Extracted information Start Marker

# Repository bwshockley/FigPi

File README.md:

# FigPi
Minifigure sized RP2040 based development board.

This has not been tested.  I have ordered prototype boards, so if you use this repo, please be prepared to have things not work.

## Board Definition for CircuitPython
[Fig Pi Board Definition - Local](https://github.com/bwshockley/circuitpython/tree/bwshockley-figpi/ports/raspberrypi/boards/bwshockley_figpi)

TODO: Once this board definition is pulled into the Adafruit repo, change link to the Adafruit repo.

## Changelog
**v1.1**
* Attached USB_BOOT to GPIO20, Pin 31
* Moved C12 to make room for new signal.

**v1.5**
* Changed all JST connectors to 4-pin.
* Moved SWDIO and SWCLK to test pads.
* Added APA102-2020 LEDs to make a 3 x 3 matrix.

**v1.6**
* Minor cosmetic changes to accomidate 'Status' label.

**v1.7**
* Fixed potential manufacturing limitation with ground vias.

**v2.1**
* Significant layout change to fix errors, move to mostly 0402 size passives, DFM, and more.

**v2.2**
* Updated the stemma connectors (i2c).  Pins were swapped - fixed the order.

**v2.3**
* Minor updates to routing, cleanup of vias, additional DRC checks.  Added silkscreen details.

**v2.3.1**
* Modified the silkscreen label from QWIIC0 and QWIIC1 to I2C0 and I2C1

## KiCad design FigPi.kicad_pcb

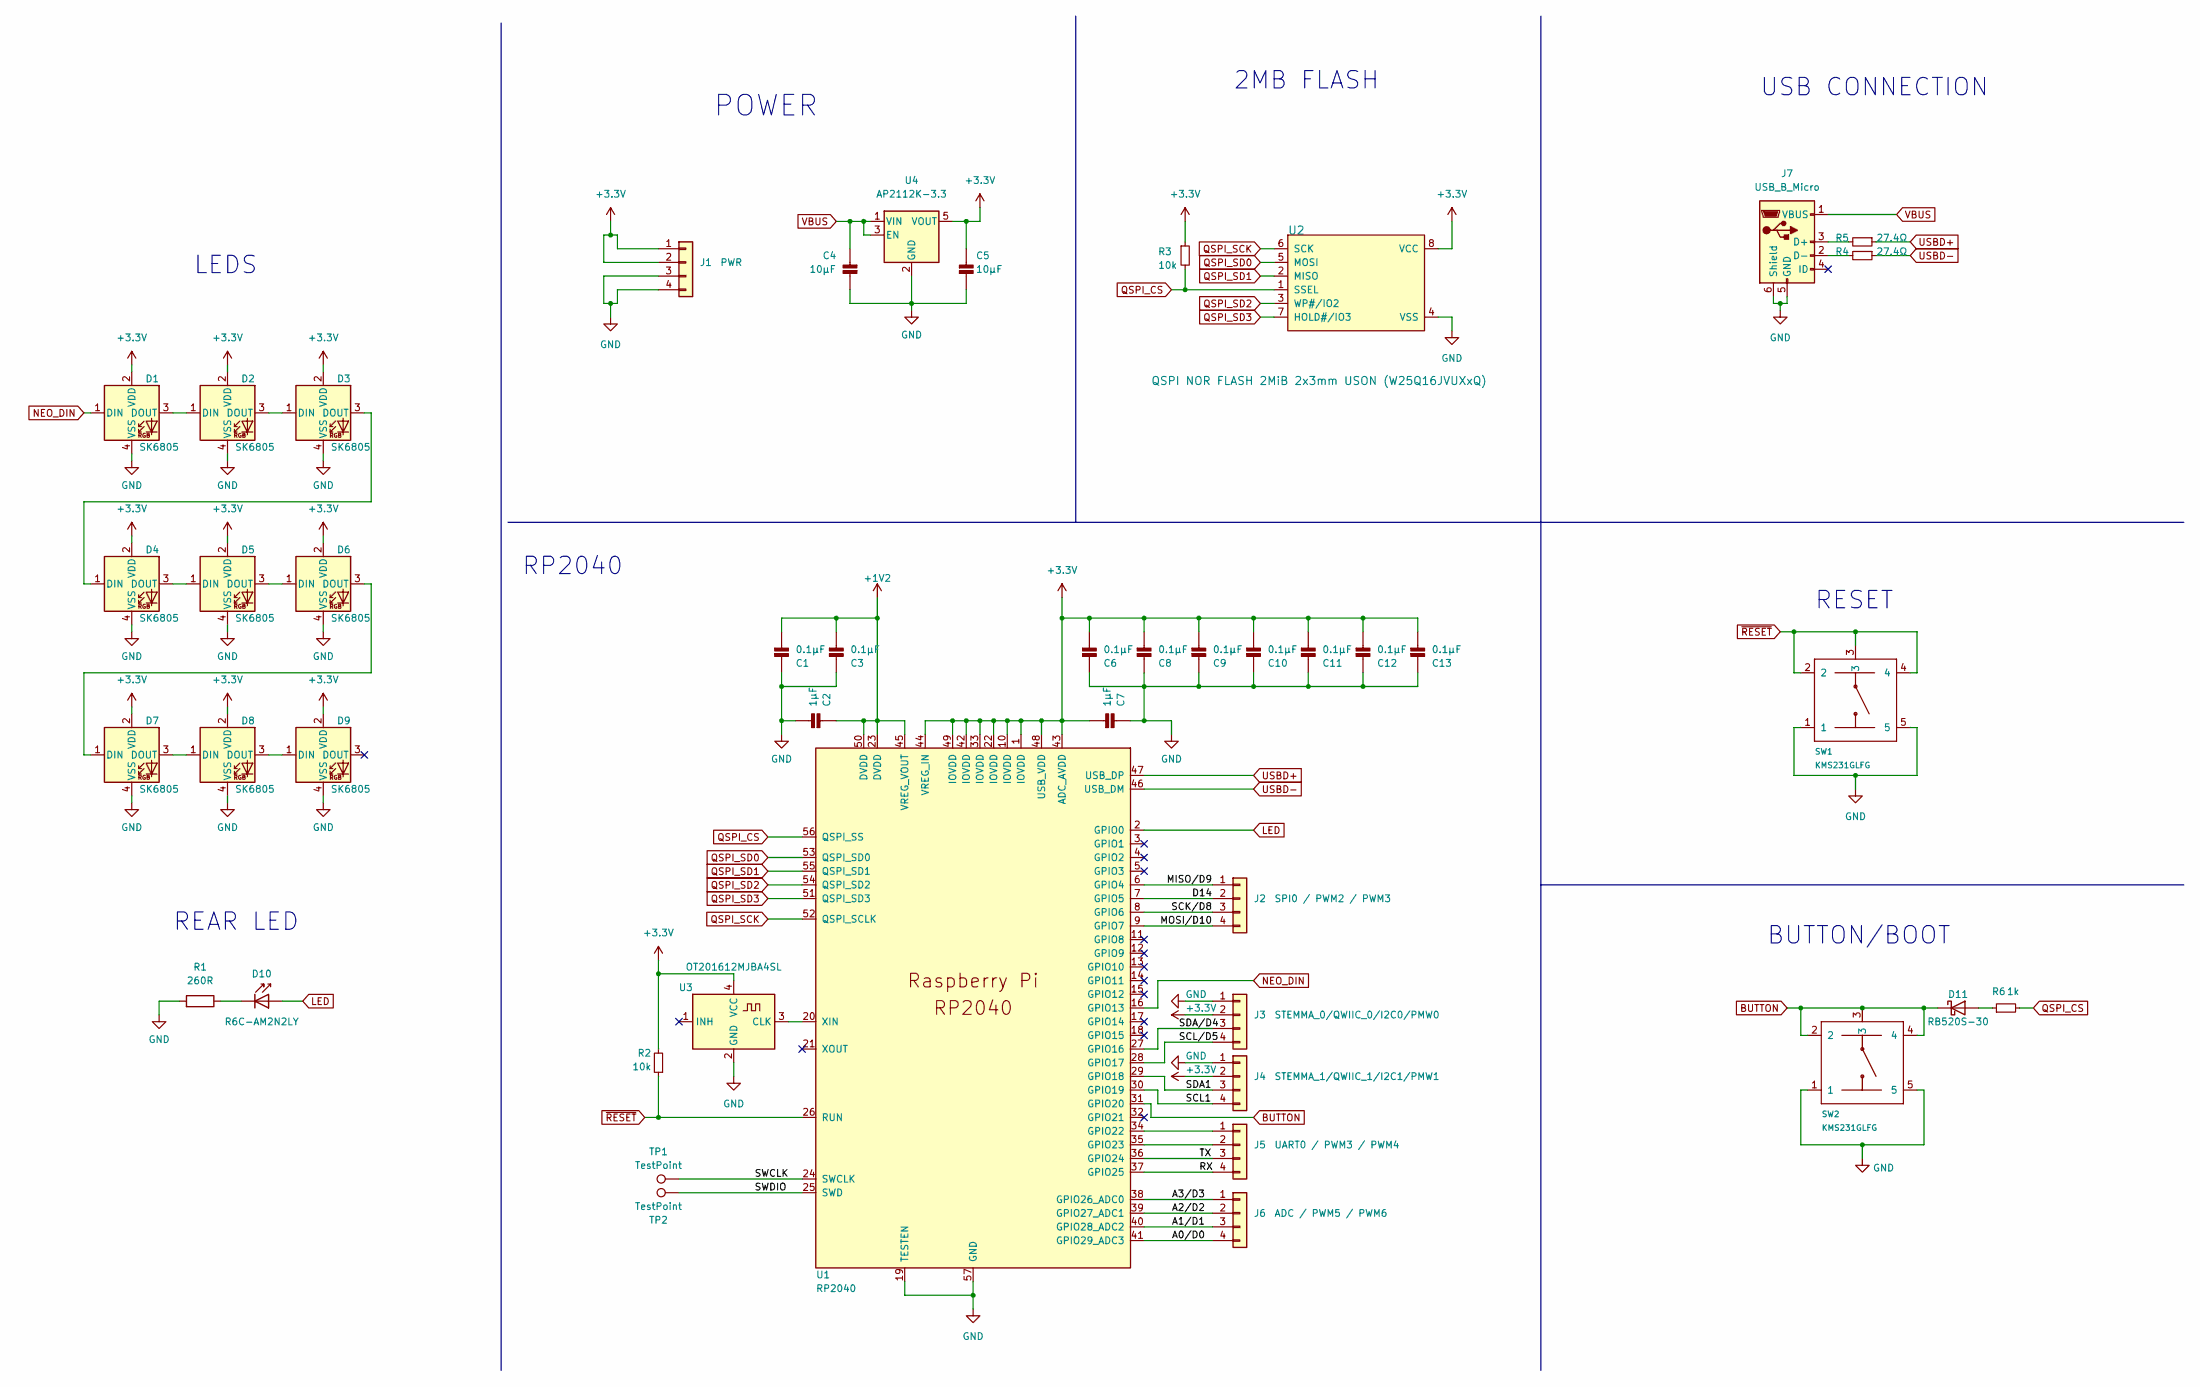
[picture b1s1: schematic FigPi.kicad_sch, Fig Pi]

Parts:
C1, C3, C6, C8, C9, C10, C11, C12, C13: 0.1µF; C_0402_1005Metric; JLCPCB C105882
C2, C7: 1µF; C_0402_1005Metric; JLCPCB C52923
C4, C5: 10µF; R_0603_1608Metric; JLCPCB C85713
D1, D2, D3, D4, D5, D6, D7, D8, D9: SK6805; LED_SK6805_EC15_1.5x1.5mm; JLCPCB C2890035
D10: R6C-AM2N2LY; LED_1.1x1.7mm; JLCPCB C605457
D11: RB520S-30; D_SOD-523; JLCPCB C8522
J1: PWR; JST_SH_SM04B-SRSS-TB_1x04-1MP_P1.00mm_Horizontal; JLCPCB C160404
J2: SPI0 / PWM2 / PWM3; JST_SH_SM04B-SRSS-TB_1x04-1MP_P1.00mm_Horizontal; JLCPCB C160404
J3: STEMMA_0/QWIIC_0/I2C0/PMW0; JST_SH_SM04B-SRSS-TB_1x04-1MP_P1.00mm_Horizontal; JLCPCB C160404
J4: STEMMA_1/QWIIC_1/I2C1/PMW1; JST_SH_SM04B-SRSS-TB_1x04-1MP_P1.00mm_Horizontal; JLCPCB C160404
J5: UART0 / PWM3 / PWM4; JST_SH_SM04B-SRSS-TB_1x04-1MP_P1.00mm_Horizontal; JLCPCB C160404
J6: ADC / PWM5 / PWM6; JST_SH_SM04B-SRSS-TB_1x04-1MP_P1.00mm_Horizontal; JLCPCB C160404
J7: USB_B_Micro; USB_Micro-B_Molex_47346-0001
R1: 260R; R_0603_1608Metric; JLCPCB C227740
R2, R3: 10k; R_0402_1005Metric; JLCPCB C144731
R4, R5: 27.4Ω; R_0402_1005Metric; JLCPCB C274349
R6: 1k; R_0402_1005Metric; JLCPCB C105637
SW1, SW2: KMS231GLFG; KMS_SWITCH; JLCPCB C221701
TP1, TP2: TestPoint; TestPoint_Pad_D1.0mm
U1: RP2040; QFN-56-1EP_7x7mm_P0.4mm_EP3.2x3.2mm; JLCPCB C2040
U2: QSPI NOR FLASH 2MiB 2x3mm USON (W25Q16JVUXxQ); USON-8_L3.0-W2.0-P0.50-BL-EP; JLCPCB C2843335
U3: OT201612MJBA4SL; Oscillator_SMD_Yangzing_Tech_SMD2016-4P; JLCPCB P/N C669076
U4: AP2112K-3.3; SOT-23-5; JLCPCB C3021085

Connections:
+1V2: C1.2, C2.1, C3.2, U1.23 (DVDD), U1.45 (VREG_VOUT), U1.50 (DVDD)
+3.3V: C5.1, C6.2, C7.2, C8.2, C9.2, C10.2, C11.2, C12.2, C13.2, D1.2 (VDD), D2.2 (VDD), D3.2 (VDD), D4.2 (VDD), D5.2 (VDD), D6.2 (VDD), D7.2 (VDD), D8.2 (VDD), D9.2 (VDD), J1.1, J1.2, J3.2, J4.2, R2.2, R3.1, U1.1 (IOVDD), U1.10 (IOVDD), U1.22 (IOVDD), U1.33 (IOVDD), U1.42 (IOVDD), U1.43 (ADC_AVDD), U1.44 (VREG_IN), U1.48 (USB_VDD), U1.49 (IOVDD), U2.8 (VCC), U3.4 (VCC), U4.5 (VOUT)
/A0/D0: J6.4, U1.41 (GPIO29_ADC3)
/A1/D1: J6.3, U1.40 (GPIO28_ADC2)
/A2/D2: J6.2, U1.39 (GPIO27_ADC1)
/A3/D3: J6.1, U1.38 (GPIO26_ADC0)
/D14: J2.2, U1.7 (GPIO5)
/MISO/D9: J2.1, U1.6 (GPIO4)
/MOSI/D10: J2.4, U1.9 (GPIO7)
/RX: J5.4, U1.37 (GPIO25)
/SCK/D8: J2.3, U1.8 (GPIO6)
/SCL1: J4.4, U1.30 (GPIO19)
/SCL/D5: J3.4, U1.28 (GPIO17)
/SDA1: J4.3, U1.29 (GPIO18)
/SDA/D4: J3.3, U1.27 (GPIO16)
/SWCLK: TP1.1, U1.24 (SWCLK)
/SWDIO: TP2.1, U1.25 (SWD)
/TX: J5.3, U1.36 (GPIO24)
BUTTON: D11.1 (K), SW2.2, SW2.3, SW2.4, U1.31 (GPIO20)
GND: C1.1, C2.2, C3.1, C4.1, C5.2, C6.1, C7.1, C8.1, C9.1, C10.1, C11.1, C12.1, C13.1, D1.4 (VSS), D2.4 (VSS), D3.4 (VSS), D4.4 (VSS), D5.4 (VSS), D6.4 (VSS), D7.4 (VSS), D8.4 (VSS), D9.4 (VSS), J1.3, J1.4, J3.1, J4.1, J7.5 (GND), J7.6 (Shield), R1.2, SW1.1, SW1.5, SW2.1, SW2.5, U1.19 (TESTEN), U1.57 (GND), U2.4 (VSS), U3.2 (GND), U4.2 (GND)
LED: D10.2 (A), U1.2 (GPIO0)
NEO_DIN: D1.1 (DIN), U1.16 (GPIO13)
unnamed: D1.3 (DOUT), D2.1 (DIN)
unnamed: D2.3 (DOUT), D3.1 (DIN)
unnamed: D3.3 (DOUT), D4.1 (DIN)
unnamed: D4.3 (DOUT), D5.1 (DIN)
unnamed: D5.3 (DOUT), D6.1 (DIN)
unnamed: D6.3 (DOUT), D7.1 (DIN)
unnamed: D7.3 (DOUT), D8.1 (DIN)
unnamed: D8.3 (DOUT), D9.1 (DIN)
unnamed: D10.1 (C), R1.1
unnamed: D11.2 (A), R6.1
unnamed: J5.1, U1.34 (GPIO22)
unnamed: J5.2, U1.35 (GPIO23)
unnamed: J7.2 (D-), R4.2
unnamed: J7.3 (D+), R5.2
unnamed: U1.20 (XIN), U3.3 (CLK)
QSPI_CS: R3.2, R6.2, U1.56 (QSPI_SS), U2.1 (SSEL)
QSPI_SCK: U1.52 (QSPI_SCLK), U2.6 (SCK)
QSPI_SD0: U1.53 (QSPI_SD0), U2.5 (MOSI)
QSPI_SD1: U1.55 (QSPI_SD1), U2.2 (MISO)
QSPI_SD2: U1.54 (QSPI_SD2), U2.3 (WP#/IO2)
QSPI_SD3: U1.51 (QSPI_SD3), U2.7 (HOLD#/IO3)
USBD+: R5.1, U1.47 (USB_DP)
USBD-: R4.1, U1.46 (USB_DM)
VBUS: C4.2, J7.1 (VBUS), U4.1 (VIN), U4.3 (EN)
~RESET: R2.1, SW1.2, SW1.3, SW1.4, U1.26 (RUN)

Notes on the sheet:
REAR LED
2MB FLASH
RESET
POWER
BUTTON/BOOT
USB CONNECTION
LEDS
RP2040

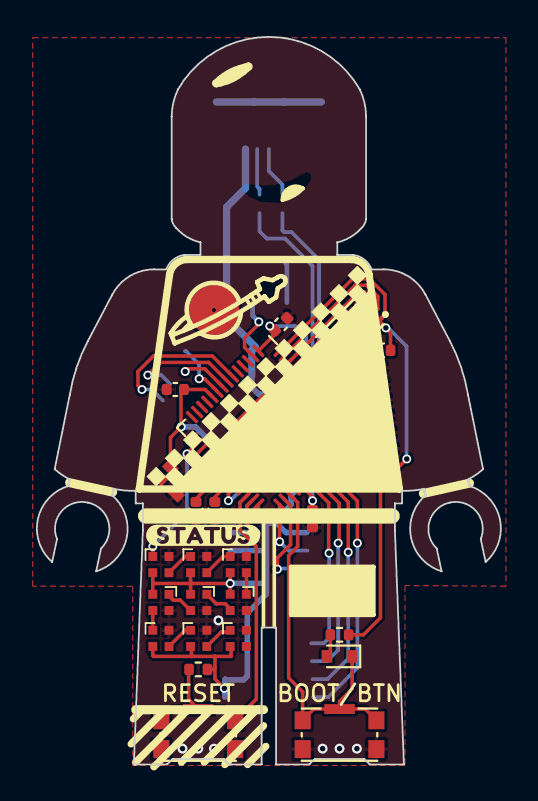
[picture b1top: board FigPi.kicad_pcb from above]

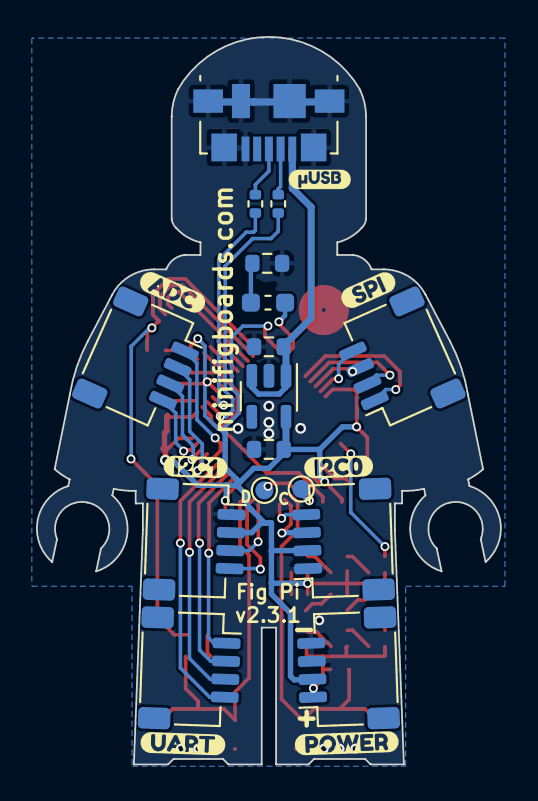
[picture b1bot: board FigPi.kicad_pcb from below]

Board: 2 copper layers, 25.8 x 40.4 mm, 53 parts (23 on the bottom side), 47 nets.

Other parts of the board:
kibuzzard-640B746F: G***; kibuzzard-640B746F
kibuzzard-640F7BF6: G***; kibuzzard-640F7BF6
kibuzzard-640F7C1A: G***; kibuzzard-640F7C1A
kibuzzard-640F7C6F: G***; kibuzzard-640F7C6F
kibuzzard-640F7C7F: G***; kibuzzard-640F7C7F
kibuzzard-640F7D7C: G***; kibuzzard-640F7D7C
kibuzzard-6411F9C1: G***; kibuzzard-6411F9C1
kibuzzard-6411FA03: G***; kibuzzard-6411FA03

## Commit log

2022-07-20 Initial Add - V.10
    Adding the first files. Warning these have not been tested.
2022-07-20 Create README.md
    Created the README
2022-07-20 Connected USBOOT properly to Boot button. Had to move capacitor for new track.
2022-07-20 Update README.md
    Added Change log info for version 1.1
2022-07-21 v1.5 - Changed all JST connections to 4-pin. Added 8 additional APA102 - 2020 LEDs for a 3 x 3 matrix. Rearranged items as needed. Moved SWDIO and SWCLK from JST connector to test pads.
2022-07-21 1.6 - Minor Cosmetic Changes
2022-07-21 Update README.md
    CircuitPython board definition link.
2022-07-21 Update README.md
    Minor format issue fixed.
2022-07-21 v1.7 Fixed potential manufacturing limitation with ground vias.
2023-03-01 Updated to Rev 2.1 - layout changes, smd size changes.
2023-03-10 modified: FigPi.kicad_pcb modified: FigPi.kicad_sch
    Swapped around the stemma connector pins.
2023-03-14 Update to v2.3
    Updated the schematic and board to v2.3.
2023-03-14 Updated git ignore.
    Ignoring production files and other non-design essential files prouced.
2023-03-14 Delete MINI_SAM.pretty directory
    Remove unnecessary directory and file.
2023-03-15 Updated Bottom Silkscreen
    Changed the I2C connector labels.

Extracted information End Marker

[Directions for this task]
Please give again the lines above between the line holding "kibuzzard-640F7D7C: G***; kibuzzard-640F7D7C" and the line holding "2023-03-01 Updated to", inclusive, exactly as they are and with nothing added.

[Exercise response]
kibuzzard-640F7D7C: G***; kibuzzard-640F7D7C
kibuzzard-6411F9C1: G***; kibuzzard-6411F9C1
kibuzzard-6411FA03: G***; kibuzzard-6411FA03

## Commit log

2022-07-20 Initial Add - V.10
    Adding the first files. Warning these have not been tested.
2022-07-20 Create README.md
    Created the README
2022-07-20 Connected USBOOT properly to Boot button. Had to move capacitor for new track.
2022-07-20 Update README.md
    Added Change log info for version 1.1
2022-07-21 v1.5 - Changed all JST connections to 4-pin. Added 8 additional APA102 - 2020 LEDs for a 3 x 3 matrix. Rearranged items as needed. Moved SWDIO and SWCLK from JST connector to test pads.
2022-07-21 1.6 - Minor Cosmetic Changes
2022-07-21 Update README.md
    CircuitPython board definition link.
2022-07-21 Update README.md
    Minor format issue fixed.
2022-07-21 v1.7 Fixed potential manufacturing limitation with ground vias.
2023-03-01 Updated to Rev 2.1 - layout changes, smd size changes.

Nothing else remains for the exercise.